UF icon Tim Tebow shares Father’s Day tribute with Gator Nation

Former Florida QB Tim Tebow’s father instilled in his youngest son a passion for the Gator Nation

With Father’s Day on Sunday, Tebow delivered a video message to his legion of University of Florida fans thanking Bob Tebow for his love, support and guidance.

“I can tell, my Dad is my biggest hero, my biggest role model, the greatest leader in my life, someone that has put everybody around him, their needs, as more important than his own,” Tebow said. “What he would want to do, I would want to do. The University of Florida has been such a big part of our life. Being a Gator was something that has been part of my life, since literally my first images, because it was something my mom and dad love. Because they did, I did.

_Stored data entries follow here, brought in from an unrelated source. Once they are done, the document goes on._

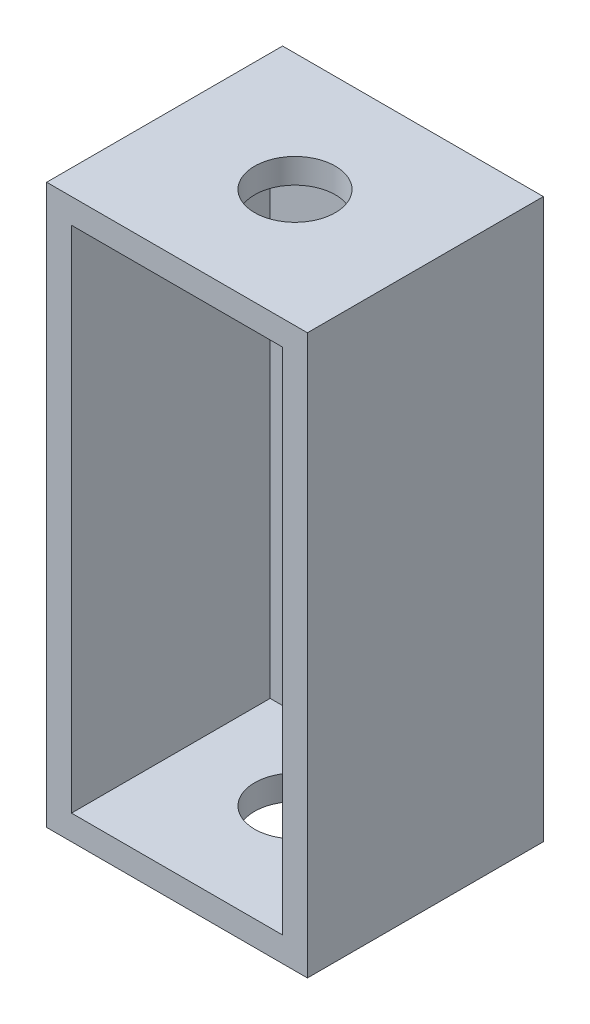
SolidWorks part; units mm, degrees
ref_plane "前视基准面" through (0, 0, 0) normal (0, 0, 1) x (1, 0, 0)
ref_plane "上视基准面" through (0, 0, 0) normal (0, 1, 0) x (1, 0, 0)
ref_plane "右视基准面" through (0, 0, 0) normal (1, 0, 0) x (0, 0, -1)
other "Configuration Table"
sketch "草图1" plane through (0, 0, 0) normal (0, 0, 1) x (1, 0, 0)
  line L0 (0, 0) -> (42, 0)
  line L1 (42, 0) -> (42, 90)
  line L2 (42, 90) -> (0, 90)
  line L3 (0, 90) -> (0, 0)
  dimension "width" = 42
  dimension "height" = 90
extrude "Housing_envelope" add sketch "草图1" along normal blind 38
sketch "草图2" plane through (0, 0, 38) normal (0, 0, 1) x (1, 0, 0)
  line L0 (4, 4) -> (38, 4)
  line L1 (38, 4) -> (38, 86)
  line L2 (38, 86) -> (4, 86)
  line L3 (4, 86) -> (4, 4)
  dimension "x0" = 4
  dimension "x1" = 38
  dimension "y0" = 4
  dimension "y2" = 86
extrude "Front_access_window" cut sketch "草图2" against normal blind 32
sketch "草图3" plane through (0, 90, 0) normal (0, 1, 0) x (1, 0, 0)
  circle A0 centre (21, -19) radius 6.5
  dimension "diameter" = 13
  dimension "x" = 21
  dimension "y" = 19
extrude "Axial_passage" cut sketch "草图3" against normal through all

“I think that’s what made my time at Florida so special; it was more than a game. It was sort of way of life.”

Gator Nation is indebted to Bob Tebow, too.

Bob Tebow met Tim’s mother, Pam, at college in Gainesville. Tim’s January 2006 arrival on campus would set an unprecedented course for the Florida football program.

During Tebow’s four seasons, the Gators won 2006 and 2008 national titles, while Tebow won the 2007 Heisman Trophy, set the SEC record with 145 touchdowns (88 passing, 57 rushing) and innumerable UF records, including 482 passing yards during his final game, the 2010 Sugar Bowl.

The elder Tebow was at his son’s side for much of the ride. When Tim Tebow was an early enrollee during 2006 spring practice, his father even was out on the practice field and at times in the huddle with the offense and coach Urban Meyer.

Tebow soon would thrive as a first-year freshman, becoming a key component of the 2006 team as a change-of-pace quarterback to senior who was virtually impossible to stop short-yardage situations.

Given the full reins of Meyer’s team in 2007, Tebow accounted for 51 touchdowns to become the Gators’ third quarterback to win college football top individual award, joining former Heisman winners Steve Spurrier and Danny Wuerffel.

In 2008, Tebow led arguably the program’s greatest team to UF’s third overall national championship.

Tebow, 33, recently reunited with Meyer with the Jacksonsville Jaguars, not far from the farm outside of Jacksonville where Bob and Pam Tebow raised their children. The family’s patriarch spent ample time abroad and founded an orphanage in 1992 as part of missionary work in the Philippines.

The Tebows were in the Philippines in 1987 when Pam contracted amoebic dysentery, the leading cause of death in the country, while pregnant with Tim, the couple’s fifth child, leading to them considered an abortion.

Tim Tebow soon was born in the Filipino town of Makati and has performed his share of missionary work in the distant archipelago.

“Dad would be gone for part of the year and fly by and be exhausted and still would never miss a game,” Tebow said on the video.

Bob Tebow has struggled with his health in recent years.

In 2016, the Tebows revealed he had been diagnosed with Parkinson’s disease. A Facebook post in April 2020 shows Bob, Pam and Tim Tebow each holding one of Tim’s dogs.

Bob Tebow remains as important in his son’s life than ever, his impact on Tim Tebow going well beyond the football field.

“You don’t want to make sports the be all, end all because it’s not,” Tebow said. “What I love even more than what a game could ever give me is the relationships. The relationships with my family and today the relationships that we get to celebrate, and that most importantly is with my dad.

“To this day I call him to ask his advice. I call him to get wisdom. I call him to seek counsel because I still want to make him proud. I still want to honor him.”

Tebow became visibly emotional and a bit choked up as he concluded the nearly two-minute video with this, “I think that was pretty cool when I was at Florida, having him have the chance to watch me play. Hopefully, I honored him with that.”